Exercise: Output nothing but the lines from the first line of the listing below through the line containing "In plain terms, the highlighted planar", printed exactly and free of pictures.

Input data:
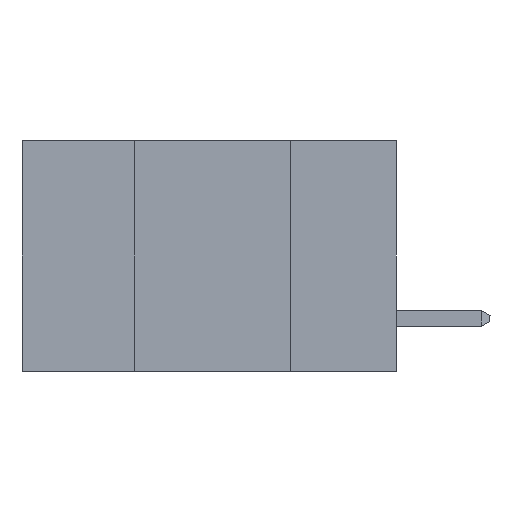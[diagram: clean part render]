
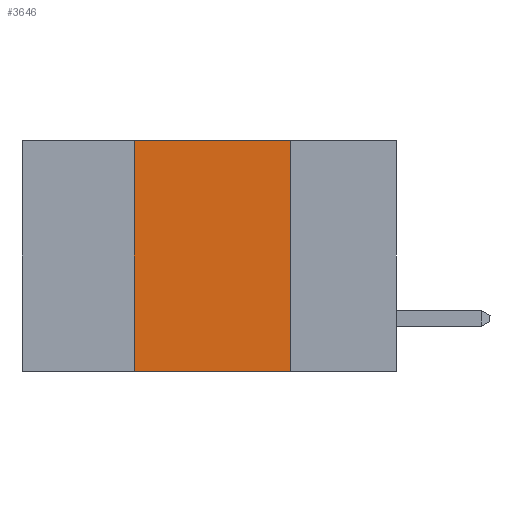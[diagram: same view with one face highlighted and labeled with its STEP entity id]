
A CAD part, left-side view. The second image highlights one B-rep face of the part: STEP entity #3646.
In plain terms, the highlighted planar face has unit normal (-1, 0, 0).
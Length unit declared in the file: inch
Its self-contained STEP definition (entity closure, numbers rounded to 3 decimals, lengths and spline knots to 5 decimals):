
#2408 = LINE ( 'NONE', #18613, #12953 ) ;
#3500 = VERTEX_POINT ( 'NONE', #15868 ) ;
#3646 = ADVANCED_FACE ( 'NONE', ( #6647 ), #17996, .F. ) ;
#4262 = CARTESIAN_POINT ( 'NONE',  ( 0., 0.17, -0.37 ) ) ;
#4385 = VECTOR ( 'NONE', #12018, 39.37008 ) ;
#4956 = DIRECTION ( 'NONE',  ( 0., -1., 0. ) ) ;
#5250 = VECTOR ( 'NONE', #4956, 39.37008 ) ;
#5275 = VECTOR ( 'NONE', #18888, 39.37008 ) ;
#6205 = VERTEX_POINT ( 'NONE', #20671 ) ;
#6647 = FACE_OUTER_BOUND ( 'NONE', #17122, .T. ) ;
#6865 = DIRECTION ( 'NONE',  ( 1., 0., 0. ) ) ;
#6945 = CARTESIAN_POINT ( 'NONE',  ( 0., 0.17, 0. ) ) ;
#7523 = CARTESIAN_POINT ( 'NONE',  ( 0., 0.42, -0.37 ) ) ;
#7696 = CARTESIAN_POINT ( 'NONE',  ( 0., 0.42, 0. ) ) ;
#7980 = ORIENTED_EDGE ( 'NONE', *, *, #8130, .F. ) ;
#8130 = EDGE_CURVE ( 'NONE', #20584, #20697, #14718, .T. ) ;
#8471 = DIRECTION ( 'NONE',  ( 0., 0., -1. ) ) ;
#8993 = ORIENTED_EDGE ( 'NONE', *, *, #20411, .F. ) ;
#9361 = EDGE_CURVE ( 'NONE', #6205, #20584, #11062, .T. ) ;
#10068 = ORIENTED_EDGE ( 'NONE', *, *, #16456, .T. ) ;
#11062 = LINE ( 'NONE', #7523, #5275 ) ;
#12018 = DIRECTION ( 'NONE',  ( 0., 0., -1. ) ) ;
#12953 = VECTOR ( 'NONE', #16995, 39.37008 ) ;
#13618 = ORIENTED_EDGE ( 'NONE', *, *, #9361, .F. ) ;
#14718 = LINE ( 'NONE', #19663, #5250 ) ;
#15868 = CARTESIAN_POINT ( 'NONE',  ( 0., 0.17, -0.37 ) ) ;
#16456 = EDGE_CURVE ( 'NONE', #6205, #3500, #2408, .T. ) ;
#16995 = DIRECTION ( 'NONE',  ( 0., -1., 0. ) ) ;
#17122 = EDGE_LOOP ( 'NONE', ( #8993, #7980, #13618, #10068 ) ) ;
#17996 = PLANE ( 'NONE',  #18710 ) ;
#18428 = CARTESIAN_POINT ( 'NONE',  ( 0., 0.6, 0. ) ) ;
#18613 = CARTESIAN_POINT ( 'NONE',  ( 0., 0.6, -0.37 ) ) ;
#18710 = AXIS2_PLACEMENT_3D ( 'NONE', #18428, #6865, #8471 ) ;
#18888 = DIRECTION ( 'NONE',  ( 0., 0., 1. ) ) ;
#19663 = CARTESIAN_POINT ( 'NONE',  ( 0., 0.6, 0. ) ) ;
#20280 = LINE ( 'NONE', #4262, #4385 ) ;
#20411 = EDGE_CURVE ( 'NONE', #20697, #3500, #20280, .T. ) ;
#20584 = VERTEX_POINT ( 'NONE', #7696 ) ;
#20671 = CARTESIAN_POINT ( 'NONE',  ( 0., 0.42, -0.37 ) ) ;
#20697 = VERTEX_POINT ( 'NONE', #6945 ) ;
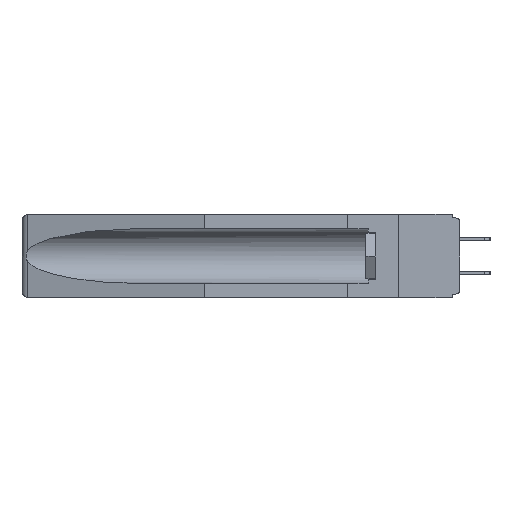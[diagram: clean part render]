
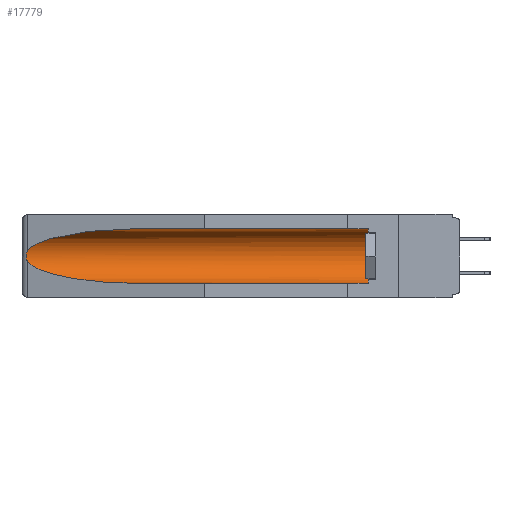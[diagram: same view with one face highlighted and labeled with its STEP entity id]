
A CAD part, left-side view. The second image highlights one B-rep face of the part: STEP entity #17779.
In plain terms, the highlighted cylindrical face has radius 2.857 mm (diameter 5.715 mm), a partial arc.
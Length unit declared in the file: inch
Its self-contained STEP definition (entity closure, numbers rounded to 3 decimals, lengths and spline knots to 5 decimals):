
#170 = DIRECTION ( 'NONE',  ( 0., 1., 0. ) ) ;
#533 = CARTESIAN_POINT ( 'NONE',  ( 0.26537, 1.52718, -0.14972 ) ) ;
#1023 = CARTESIAN_POINT ( 'NONE',  ( 0.2673, 1.5327, -0.16383 ) ) ;
#1618 = CARTESIAN_POINT ( 'NONE',  ( 0.21114, 1.30732, -0.059 ) ) ;
#1777 = VERTEX_POINT ( 'NONE', #18553 ) ;
#1850 = CARTESIAN_POINT ( 'NONE',  ( 0.155, 0.126, -0.059 ) ) ;
#2012 = ORIENTED_EDGE ( 'NONE', *, *, #3345, .T. ) ;
#2616 = AXIS2_PLACEMENT_3D ( 'NONE', #11989, #2808, #17485 ) ;
#2717 = EDGE_LOOP ( 'NONE', ( #23036, #17276, #8871, #13484, #20428, #2012 ) ) ;
#2759 = EDGE_CURVE ( 'NONE', #16261, #18020, #13574, .T. ) ;
#2808 = DIRECTION ( 'NONE',  ( 0., -1., 0. ) ) ;
#2877 = CARTESIAN_POINT ( 'NONE',  ( 0.26655, 1.53094, -0.18657 ) ) ;
#3345 = EDGE_CURVE ( 'NONE', #8612, #12734, #5782, .T. ) ;
#3391 = VERTEX_POINT ( 'NONE', #533 ) ;
#3452 = CARTESIAN_POINT ( 'NONE',  ( 0.26537, 1.52718, -0.14972 ) ) ;
#4193 = CARTESIAN_POINT ( 'NONE',  ( 0.25451, 1.48313, -0.24835 ) ) ;
#4228 = LINE ( 'NONE', #13162, #23186 ) ;
#5517 = CARTESIAN_POINT ( 'NONE',  ( 0.26537, 1.52718, -0.19328 ) ) ;
#5769 = DIRECTION ( 'NONE',  ( 0., 1., 0. ) ) ;
#5782 = LINE ( 'NONE', #9417, #23298 ) ;
#6264 = CARTESIAN_POINT ( 'NONE',  ( 0.2673, 1.53269, -0.17917 ) ) ;
#7164 = CARTESIAN_POINT ( 'NONE',  ( 0.155, 1.07973, -0.059 ) ) ;
#7670 = CARTESIAN_POINT ( 'NONE',  ( 0.155, 1.07973, -0.284 ) ) ;
#7953 = CYLINDRICAL_SURFACE ( 'NONE', #18441, 0.1125 ) ;
#8612 = VERTEX_POINT ( 'NONE', #1850 ) ;
#8871 = ORIENTED_EDGE ( 'NONE', *, *, #2759, .T. ) ;
#8989 = CARTESIAN_POINT ( 'NONE',  ( 0.155, 1.07973, -0.284 ) ) ;
#9417 = CARTESIAN_POINT ( 'NONE',  ( 0.155, -0.30754, -0.059 ) ) ;
#10810 = B_SPLINE_CURVE_WITH_KNOTS ( 'NONE', 3,
 ( #17469, #21180, #12051, #1023, #13874, #17232, #6264, #2877, #15723, #21344 ),
 .UNSPECIFIED., .F., .F.,
 ( 4, 2, 2, 2, 4 ),
 ( 0., 0.00029, 0.00058, 0.00087, 0.00117 ),
 .UNSPECIFIED. ) ;
#11279 = CARTESIAN_POINT ( 'NONE',  ( 0.21114, 1.30732, -0.284 ) ) ;
#11989 = CARTESIAN_POINT ( 'NONE',  ( 0.155, 0.126, -0.1715 ) ) ;
#12051 = CARTESIAN_POINT ( 'NONE',  ( 0.26654, 1.53092, -0.15636 ) ) ;
#12734 = VERTEX_POINT ( 'NONE', #22850 ) ;
#13127 = EDGE_CURVE ( 'NONE', #1777, #8612, #17107, .T. ) ;
#13162 = CARTESIAN_POINT ( 'NONE',  ( 0.155, -0.30754, -0.284 ) ) ;
#13484 = ORIENTED_EDGE ( 'NONE', *, *, #17034, .F. ) ;
#13574 =( BOUNDED_CURVE ( )  B_SPLINE_CURVE ( 3, ( #5517, #4193, #11279, #7670 ),
 .UNSPECIFIED., .F., .F. ) 
 B_SPLINE_CURVE_WITH_KNOTS ( ( 4, 4 ),
 ( 0.1948, 1.5708 ),
 .UNSPECIFIED. ) 
 CURVE ( )  GEOMETRIC_REPRESENTATION_ITEM ( )  RATIONAL_B_SPLINE_CURVE ( ( 1., 0.848, 0.848, 1. ) ) 
 REPRESENTATION_ITEM ( '' )  );
#13874 = CARTESIAN_POINT ( 'NONE',  ( 0.2675, 1.53308, -0.16763 ) ) ;
#14447 = CARTESIAN_POINT ( 'NONE',  ( 0.25451, 1.48313, -0.09465 ) ) ;
#15090 = CARTESIAN_POINT ( 'NONE',  ( 0.155, -0.30754, -0.1715 ) ) ;
#15304 = DIRECTION ( 'NONE',  ( 0., 1., 0. ) ) ;
#15723 = CARTESIAN_POINT ( 'NONE',  ( 0.26597, 1.5296, -0.19026 ) ) ;
#16261 = VERTEX_POINT ( 'NONE', #17540 ) ;
#17034 = EDGE_CURVE ( 'NONE', #1777, #18020, #4228, .T. ) ;
#17091 =( BOUNDED_CURVE ( )  B_SPLINE_CURVE ( 3, ( #7164, #1618, #14447, #3452 ),
 .UNSPECIFIED., .F., .F. ) 
 B_SPLINE_CURVE_WITH_KNOTS ( ( 4, 4 ),
 ( 4.71239, 6.08839 ),
 .UNSPECIFIED. ) 
 CURVE ( )  GEOMETRIC_REPRESENTATION_ITEM ( )  RATIONAL_B_SPLINE_CURVE ( ( 1., 0.848, 0.848, 1. ) ) 
 REPRESENTATION_ITEM ( '' )  );
#17107 = CIRCLE ( 'NONE', #2616, 0.1125 ) ;
#17232 = CARTESIAN_POINT ( 'NONE',  ( 0.2675, 1.53308, -0.17534 ) ) ;
#17276 = ORIENTED_EDGE ( 'NONE', *, *, #19196, .T. ) ;
#17469 = CARTESIAN_POINT ( 'NONE',  ( 0.26537, 1.52718, -0.14972 ) ) ;
#17485 = DIRECTION ( 'NONE',  ( 0., 0., 1. ) ) ;
#17540 = CARTESIAN_POINT ( 'NONE',  ( 0.26537, 1.52718, -0.19328 ) ) ;
#17779 = ADVANCED_FACE ( 'NONE', ( #23760 ), #7953, .F. ) ;
#18020 = VERTEX_POINT ( 'NONE', #8989 ) ;
#18127 = EDGE_CURVE ( 'NONE', #12734, #3391, #17091, .T. ) ;
#18441 = AXIS2_PLACEMENT_3D ( 'NONE', #15090, #15304, #18675 ) ;
#18553 = CARTESIAN_POINT ( 'NONE',  ( 0.155, 0.126, -0.284 ) ) ;
#18675 = DIRECTION ( 'NONE',  ( 0., 0., 1. ) ) ;
#19196 = EDGE_CURVE ( 'NONE', #3391, #16261, #10810, .T. ) ;
#20428 = ORIENTED_EDGE ( 'NONE', *, *, #13127, .T. ) ;
#21180 = CARTESIAN_POINT ( 'NONE',  ( 0.26597, 1.52961, -0.15275 ) ) ;
#21344 = CARTESIAN_POINT ( 'NONE',  ( 0.26537, 1.52718, -0.19328 ) ) ;
#22850 = CARTESIAN_POINT ( 'NONE',  ( 0.155, 1.07973, -0.059 ) ) ;
#23036 = ORIENTED_EDGE ( 'NONE', *, *, #18127, .T. ) ;
#23186 = VECTOR ( 'NONE', #5769, 39.37008 ) ;
#23298 = VECTOR ( 'NONE', #170, 39.37008 ) ;
#23760 = FACE_OUTER_BOUND ( 'NONE', #2717, .T. ) ;

Output for this exercise:
[diagram: clean part render]
[diagram: same view with one face highlighted and labeled with its STEP entity id]
A CAD part, left-side view. The second image highlights one B-rep face of the part: STEP entity #3646.
In plain terms, the highlighted planar face has unit normal (-1, 0, 0).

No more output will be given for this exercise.